I've been learning these power of thought techniques as I transcribe this book on thought and there's an excercise on how to keep ticks and chiggers away from your home area and I'm told you can use the same technique on any critter. I'll practice and let me know if you have any results.. Altho it would help if I had a photo of your home so I could visualize better.
It was Clint Eastwood, in "The Enforcer." It seems the ants in Georgia could use a little enforcer to keep them in line, or colony as the case may be, anywhere but my yard, home and bed. They are not only annoying, they are deadly to those of us unlucky enough to be allergic to their unprovoked, evil bites.
Lexia, an Effingham County ant will EAT your "Power of Thought." You don't understand the relentlessness of the enemy.
Eeewww!! And that is why I no longer desire to live in the South.
Actually, "a man's got to know his limitations" is from Magnum Force, not The Enforcer.
When you've seen all the Dirty Harry flicks (plus The Gauntlet, where he's technically not Harry Callahan but his character is identical...) as many times as I have, these things are practically second nature... ;)

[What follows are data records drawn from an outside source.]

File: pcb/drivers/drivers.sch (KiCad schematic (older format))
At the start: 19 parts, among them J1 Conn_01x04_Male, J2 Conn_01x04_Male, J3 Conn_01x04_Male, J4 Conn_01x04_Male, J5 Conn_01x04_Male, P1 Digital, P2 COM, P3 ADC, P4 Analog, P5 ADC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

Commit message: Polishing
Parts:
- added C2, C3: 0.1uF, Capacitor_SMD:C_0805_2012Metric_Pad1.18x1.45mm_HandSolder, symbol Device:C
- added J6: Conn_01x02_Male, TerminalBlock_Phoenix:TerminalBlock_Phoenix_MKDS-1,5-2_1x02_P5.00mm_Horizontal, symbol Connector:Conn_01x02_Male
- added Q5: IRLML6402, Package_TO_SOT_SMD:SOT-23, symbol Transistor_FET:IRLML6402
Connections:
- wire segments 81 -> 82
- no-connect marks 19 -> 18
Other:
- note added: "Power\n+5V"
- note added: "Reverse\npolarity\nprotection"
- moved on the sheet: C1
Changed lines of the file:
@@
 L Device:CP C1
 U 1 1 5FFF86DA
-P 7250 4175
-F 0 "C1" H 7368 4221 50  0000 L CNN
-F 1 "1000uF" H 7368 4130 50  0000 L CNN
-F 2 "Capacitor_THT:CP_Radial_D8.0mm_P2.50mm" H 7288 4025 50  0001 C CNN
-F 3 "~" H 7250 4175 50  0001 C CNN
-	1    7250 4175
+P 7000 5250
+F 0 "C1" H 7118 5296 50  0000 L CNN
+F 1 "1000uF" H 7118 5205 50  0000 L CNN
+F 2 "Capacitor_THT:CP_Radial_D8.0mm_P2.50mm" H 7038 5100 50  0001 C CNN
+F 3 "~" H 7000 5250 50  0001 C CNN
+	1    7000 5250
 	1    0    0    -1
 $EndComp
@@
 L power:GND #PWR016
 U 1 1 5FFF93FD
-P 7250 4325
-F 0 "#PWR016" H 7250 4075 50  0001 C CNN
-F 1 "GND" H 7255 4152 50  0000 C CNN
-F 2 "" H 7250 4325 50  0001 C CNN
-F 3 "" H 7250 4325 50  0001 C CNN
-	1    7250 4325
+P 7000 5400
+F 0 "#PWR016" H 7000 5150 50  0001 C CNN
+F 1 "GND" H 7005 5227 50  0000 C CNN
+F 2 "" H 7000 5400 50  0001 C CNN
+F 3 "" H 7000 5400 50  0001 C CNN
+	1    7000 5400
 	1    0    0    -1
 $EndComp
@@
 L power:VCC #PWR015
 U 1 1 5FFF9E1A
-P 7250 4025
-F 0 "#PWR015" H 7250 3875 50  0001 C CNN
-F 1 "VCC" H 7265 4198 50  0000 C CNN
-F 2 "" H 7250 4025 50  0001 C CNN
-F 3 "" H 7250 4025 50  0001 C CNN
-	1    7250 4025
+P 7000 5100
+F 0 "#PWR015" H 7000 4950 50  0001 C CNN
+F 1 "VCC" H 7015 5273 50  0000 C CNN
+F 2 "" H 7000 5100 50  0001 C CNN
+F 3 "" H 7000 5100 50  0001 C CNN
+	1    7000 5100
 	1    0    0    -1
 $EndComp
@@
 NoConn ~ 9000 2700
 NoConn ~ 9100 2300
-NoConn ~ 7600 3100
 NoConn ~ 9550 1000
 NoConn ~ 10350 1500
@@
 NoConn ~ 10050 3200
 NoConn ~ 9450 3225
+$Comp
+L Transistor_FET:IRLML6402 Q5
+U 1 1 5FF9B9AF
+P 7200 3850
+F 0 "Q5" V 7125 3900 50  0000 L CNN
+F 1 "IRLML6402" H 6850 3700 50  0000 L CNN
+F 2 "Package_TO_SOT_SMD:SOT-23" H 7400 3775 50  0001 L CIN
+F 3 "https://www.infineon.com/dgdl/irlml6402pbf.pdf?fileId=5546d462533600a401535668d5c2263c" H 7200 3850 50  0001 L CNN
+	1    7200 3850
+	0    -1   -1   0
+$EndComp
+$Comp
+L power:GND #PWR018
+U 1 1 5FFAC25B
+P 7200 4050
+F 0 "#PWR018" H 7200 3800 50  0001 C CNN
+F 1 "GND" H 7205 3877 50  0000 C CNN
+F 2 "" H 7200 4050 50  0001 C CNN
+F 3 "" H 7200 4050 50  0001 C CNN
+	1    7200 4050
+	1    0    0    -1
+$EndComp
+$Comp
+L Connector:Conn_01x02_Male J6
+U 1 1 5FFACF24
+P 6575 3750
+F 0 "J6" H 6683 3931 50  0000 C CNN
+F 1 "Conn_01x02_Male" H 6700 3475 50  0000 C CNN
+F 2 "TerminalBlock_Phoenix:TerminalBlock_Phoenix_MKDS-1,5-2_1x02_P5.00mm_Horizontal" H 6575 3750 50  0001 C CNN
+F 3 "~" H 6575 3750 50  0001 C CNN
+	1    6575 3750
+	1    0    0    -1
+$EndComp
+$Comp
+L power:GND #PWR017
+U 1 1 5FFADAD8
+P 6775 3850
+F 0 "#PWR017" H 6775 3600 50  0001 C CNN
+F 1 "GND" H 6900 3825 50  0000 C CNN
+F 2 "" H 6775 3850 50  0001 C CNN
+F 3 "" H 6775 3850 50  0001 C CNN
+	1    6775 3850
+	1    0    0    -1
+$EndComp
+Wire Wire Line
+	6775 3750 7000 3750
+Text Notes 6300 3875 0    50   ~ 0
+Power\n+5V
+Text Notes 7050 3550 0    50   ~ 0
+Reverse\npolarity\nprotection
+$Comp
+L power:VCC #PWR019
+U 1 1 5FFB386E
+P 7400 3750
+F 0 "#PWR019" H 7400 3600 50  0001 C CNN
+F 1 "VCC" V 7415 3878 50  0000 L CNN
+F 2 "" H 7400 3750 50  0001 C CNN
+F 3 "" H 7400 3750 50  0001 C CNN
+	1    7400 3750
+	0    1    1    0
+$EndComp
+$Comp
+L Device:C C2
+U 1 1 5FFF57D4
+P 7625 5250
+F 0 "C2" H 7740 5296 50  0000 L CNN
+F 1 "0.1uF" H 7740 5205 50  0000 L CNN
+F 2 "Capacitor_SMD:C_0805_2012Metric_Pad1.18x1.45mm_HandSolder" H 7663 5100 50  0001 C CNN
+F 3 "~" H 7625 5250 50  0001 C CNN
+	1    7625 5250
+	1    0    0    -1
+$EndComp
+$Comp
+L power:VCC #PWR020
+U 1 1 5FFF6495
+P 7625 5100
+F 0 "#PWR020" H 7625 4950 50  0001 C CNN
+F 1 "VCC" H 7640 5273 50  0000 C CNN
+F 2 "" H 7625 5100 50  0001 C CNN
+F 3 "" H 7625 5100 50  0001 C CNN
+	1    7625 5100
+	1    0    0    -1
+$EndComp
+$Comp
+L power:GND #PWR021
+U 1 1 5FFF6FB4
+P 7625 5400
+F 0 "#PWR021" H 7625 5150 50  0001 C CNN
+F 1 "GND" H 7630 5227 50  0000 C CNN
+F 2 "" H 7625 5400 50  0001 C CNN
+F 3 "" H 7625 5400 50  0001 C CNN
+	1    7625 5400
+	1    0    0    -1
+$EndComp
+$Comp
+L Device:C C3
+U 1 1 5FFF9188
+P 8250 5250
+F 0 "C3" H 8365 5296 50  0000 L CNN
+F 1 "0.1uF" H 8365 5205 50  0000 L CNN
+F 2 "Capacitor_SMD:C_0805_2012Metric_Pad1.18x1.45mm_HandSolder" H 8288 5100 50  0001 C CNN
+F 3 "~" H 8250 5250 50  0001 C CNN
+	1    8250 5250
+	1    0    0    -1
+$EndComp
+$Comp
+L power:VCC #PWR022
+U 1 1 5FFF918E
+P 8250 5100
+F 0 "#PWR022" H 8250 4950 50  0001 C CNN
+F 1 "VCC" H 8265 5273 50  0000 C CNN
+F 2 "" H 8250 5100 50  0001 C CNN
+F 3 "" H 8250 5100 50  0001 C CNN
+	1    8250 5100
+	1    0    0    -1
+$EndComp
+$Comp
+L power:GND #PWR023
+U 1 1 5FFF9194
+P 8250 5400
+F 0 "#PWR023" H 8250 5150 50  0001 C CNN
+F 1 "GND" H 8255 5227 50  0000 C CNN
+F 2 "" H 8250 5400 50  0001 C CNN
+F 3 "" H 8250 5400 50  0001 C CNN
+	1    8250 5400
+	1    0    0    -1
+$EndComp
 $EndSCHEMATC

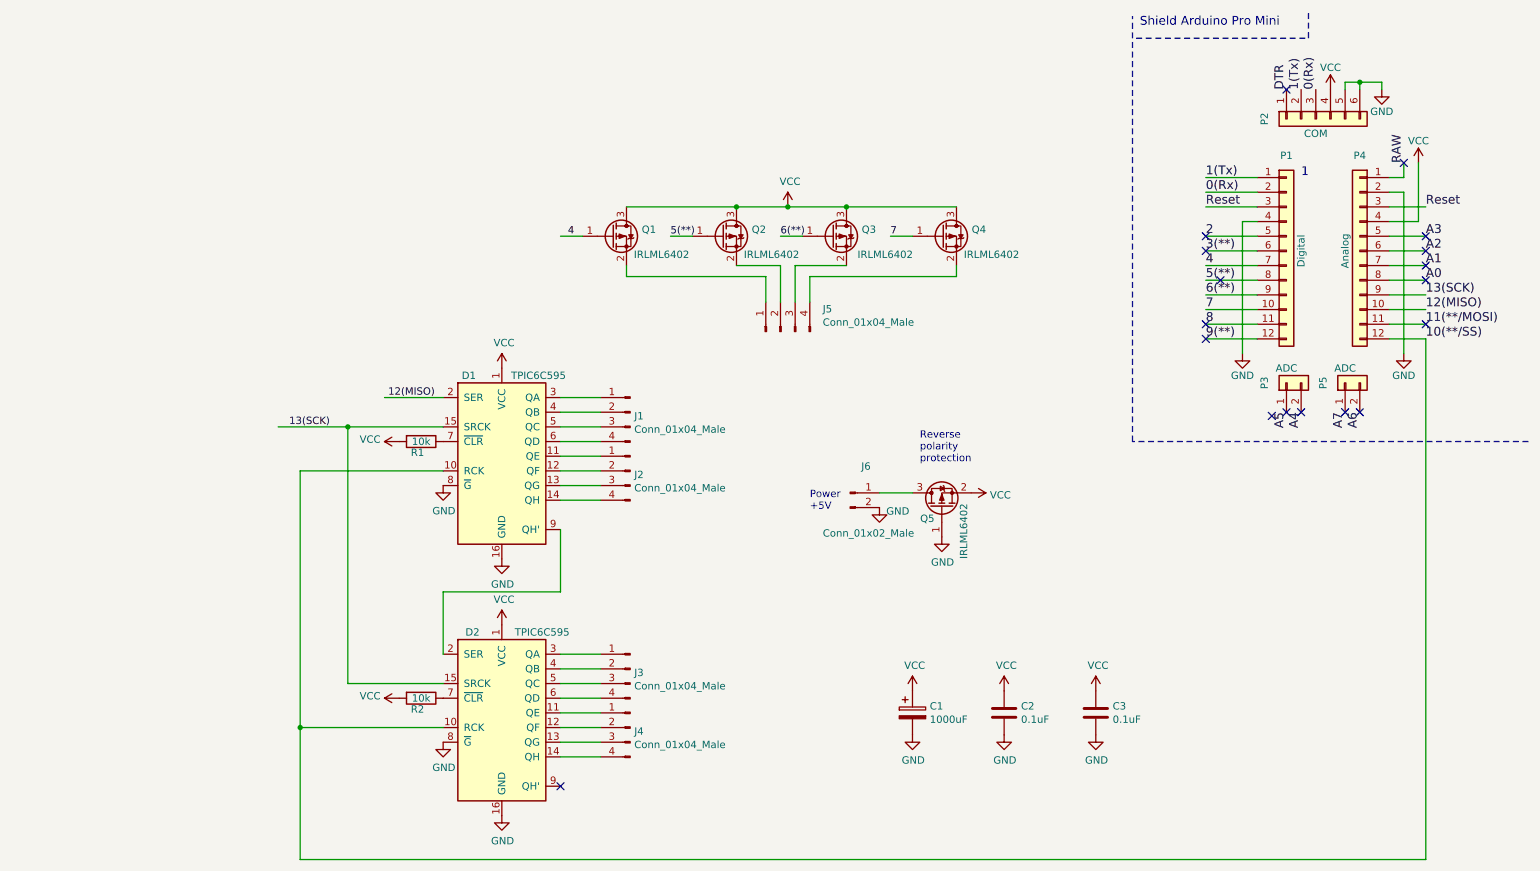
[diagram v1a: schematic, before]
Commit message: Replace Arduino Pro Mini to another Arduino Pro Mini
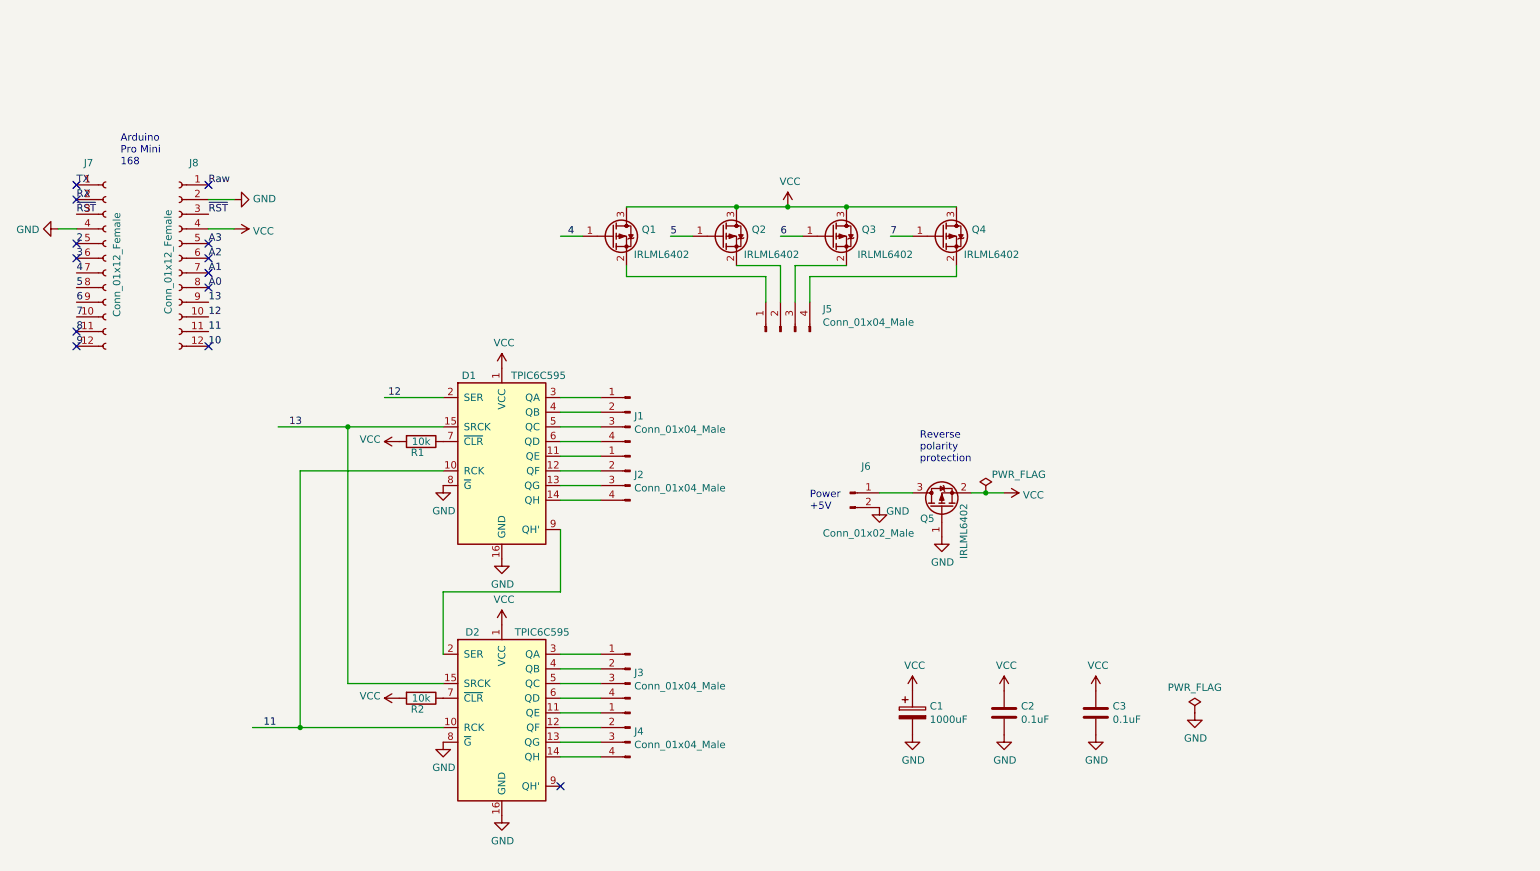
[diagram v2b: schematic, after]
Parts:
- removed P1: Digital, Socket_Arduino_Pro_Mini:Socket_Strip_Arduino_1x12, symbol Connector_Generic:Conn_01x12
- removed P2: COM, Socket_Arduino_Pro_Mini:Socket_Strip_Arduino_1x06, symbol Connector_Generic:Conn_01x06
- removed P3, P5: ADC, Socket_Arduino_Pro_Mini:Socket_Strip_Arduino_1x02, symbol Connector_Generic:Conn_01x02
- removed P4: Analog, Socket_Arduino_Pro_Mini:Socket_Strip_Arduino_1x12, symbol Connector_Generic:Conn_01x12
- added J7, J8: Conn_01x12_Female, Connector_PinSocket_2.54mm:PinSocket_1x12_P2.54mm_Vertical, symbol Connector:Conn_01x12_Female
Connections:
- net labels added: 10, 11, 12, 13, 3, 5, 6, 9, RX, Raw, TX, ~RST
- net labels removed: 0(Rx), 1(Tx), 10(**/SS), 11(**/MOSI), 12(MISO), 13(SCK), 3(**), 5(**), 6(**), 9(**), A4, A5, A6, A7, DTR, RAW, Reset
- wire segments 82 -> 52
- no-connect marks 18 -> 13
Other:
- note added: "Arduino\nPro Mini\n168"
- note removed: "1"
- note removed: "Shield Arduino Pro Mini \n"

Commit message: Swap pin 12 and 13
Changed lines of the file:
@@
 $EndComp
 Text Label 3425 3100 0    50   ~ 0
-12
+13
 Wire Wire Line
 	3800 3100 3400 3100
@@
 	3800 3300 3150 3300
 Text Label 2750 3300 0    50   ~ 0
-13
+12
 Wire Wire Line
 	3800 5050 3150 5050

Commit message: Polishing
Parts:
- added H1, H2, H3, H4, H5: MountingHole, MountingHole:MountingHole_3.2mm_M3, symbol Mechanical:MountingHole
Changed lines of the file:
@@
+	1    0    0    -1
+$EndComp
+$Comp
+L Mechanical:MountingHole H1
+U 1 1 5FFB46E8
+P 8500 1500
+F 0 "H1" H 8600 1546 50  0000 L CNN
+F 1 "MountingHole" H 8600 1455 50  0000 L CNN
+F 2 "MountingHole:MountingHole_3.2mm_M3" H 8500 1500 50  0001 C CNN
+F 3 "~" H 8500 1500 50  0001 C CNN
+	1    8500 1500
+	1    0    0    -1
+$EndComp
+$Comp
+L Mechanical:MountingHole H2
+U 1 1 5FFB5433
+P 8500 2000
+F 0 "H2" H 8600 2046 50  0000 L CNN
+F 1 "MountingHole" H 8600 1955 50  0000 L CNN
+F 2 "MountingHole:MountingHole_3.2mm_M3" H 8500 2000 50  0001 C CNN
+F 3 "~" H 8500 2000 50  0001 C CNN
+	1    8500 2000
+	1    0    0    -1
+$EndComp
+$Comp
+L Mechanical:MountingHole H3
+U 1 1 5FFCCF1D
+P 8500 2500
+F 0 "H3" H 8600 2546 50  0000 L CNN
+F 1 "MountingHole" H 8600 2455 50  0000 L CNN
+F 2 "MountingHole:MountingHole_3.2mm_M3" H 8500 2500 50  0001 C CNN
+F 3 "~" H 8500 2500 50  0001 C CNN
+	1    8500 2500
+	1    0    0    -1
+$EndComp
+$Comp
+L Mechanical:MountingHole H4
+U 1 1 5FFE3C58
+P 8500 3000
+F 0 "H4" H 8600 3046 50  0000 L CNN
+F 1 "MountingHole" H 8600 2955 50  0000 L CNN
+F 2 "MountingHole:MountingHole_3.2mm_M3" H 8500 3000 50  0001 C CNN
+F 3 "~" H 8500 3000 50  0001 C CNN
+	1    8500 3000
+	1    0    0    -1
+$EndComp
+$Comp
+L Mechanical:MountingHole H5
+U 1 1 5FFF9599
+P 8500 3500
+F 0 "H5" H 8600 3546 50  0000 L CNN
+F 1 "MountingHole" H 8600 3455 50  0000 L CNN
+F 2 "MountingHole:MountingHole_3.2mm_M3" H 8500 3500 50  0001 C CNN
+F 3 "~" H 8500 3500 50  0001 C CNN
+	1    8500 3500
 	1    0    0    -1
 $EndComp

Dude...I feel ya. I got into my car today and was halfway to the gas station when I felt biting up and down my legs. I pulled over and about that time Matt started yelling in the back about ants. I had at LEAST 1,000 fire ants crawling around my car, thanks to a half-hidden Crystal that Matt had stuffed under the floor mat. I had to make two trips to the car wash and suck them bad boys out.
And you're right...Effingham is a breeding ground for the little bastards. They're ALL OVER my yard. I've given up trying to get rid of them.
BTW: I enjoyed reading your vaca posts. I wanna go next time! :)
Diazinon? What's up with that pansy crap?
Everybody should have a five gallon can of Naphthalene for just such an occasion.
Damn, I had quite forgotten about those critters. Used to see lots of em back in TX. Glad to see ya got them rat bastadges. Wonder if Napalm would work on the ant hills?
Recently, I had an unfortunate occasion to get intimate with more than a few biting ants during one of my infamous nude photo shoots. OUCH! So I have great sympathy for your ordeal.
(Also, I think the earthquakes in California are caused by the vibration of the feet of a billion ants)
I hate ants!
There's this little lady where I work who swears that pouring dry grits over ant hills will kill them. She's always asking for cupfulls in the summer. I guess it works, because you hardly see any around the building.
I use gas and Ambro in my yard. If you can call it a yard. It's more like a big sandbox than anything.
A question...when a fire ant bites you, why the fuck does it hurt for months and months and months?
Bastards destroyed the LNB in my satellite dish two weeks ago. Completely took out my Direct TV. Argh! You're right, they're communists, they had the nerve to swarm me when I discovered it. I assure you, a whole mess of them met their maker on the spot.
Hey Rob, try straight gas on the little bastards, I live in Central TX and used to have a problem with fireants, none of the chemical pesticides worked, they would just make 'em move a couple feet and rebuild, but gasoline.... That kills the shit out of 'em every time. Makes nice dead spots in your lawn but the grass comes back before the ants do. Also, for bites try rubbing a little raw onion juice on the bite, this works good for mosquito bites too, takes the itch right out.
oh jeez- i cant stop laughing--a monkey fucking a football??? aww jeez-i'm gonna pee myself-thx rob for the laugh- i needed one about now!!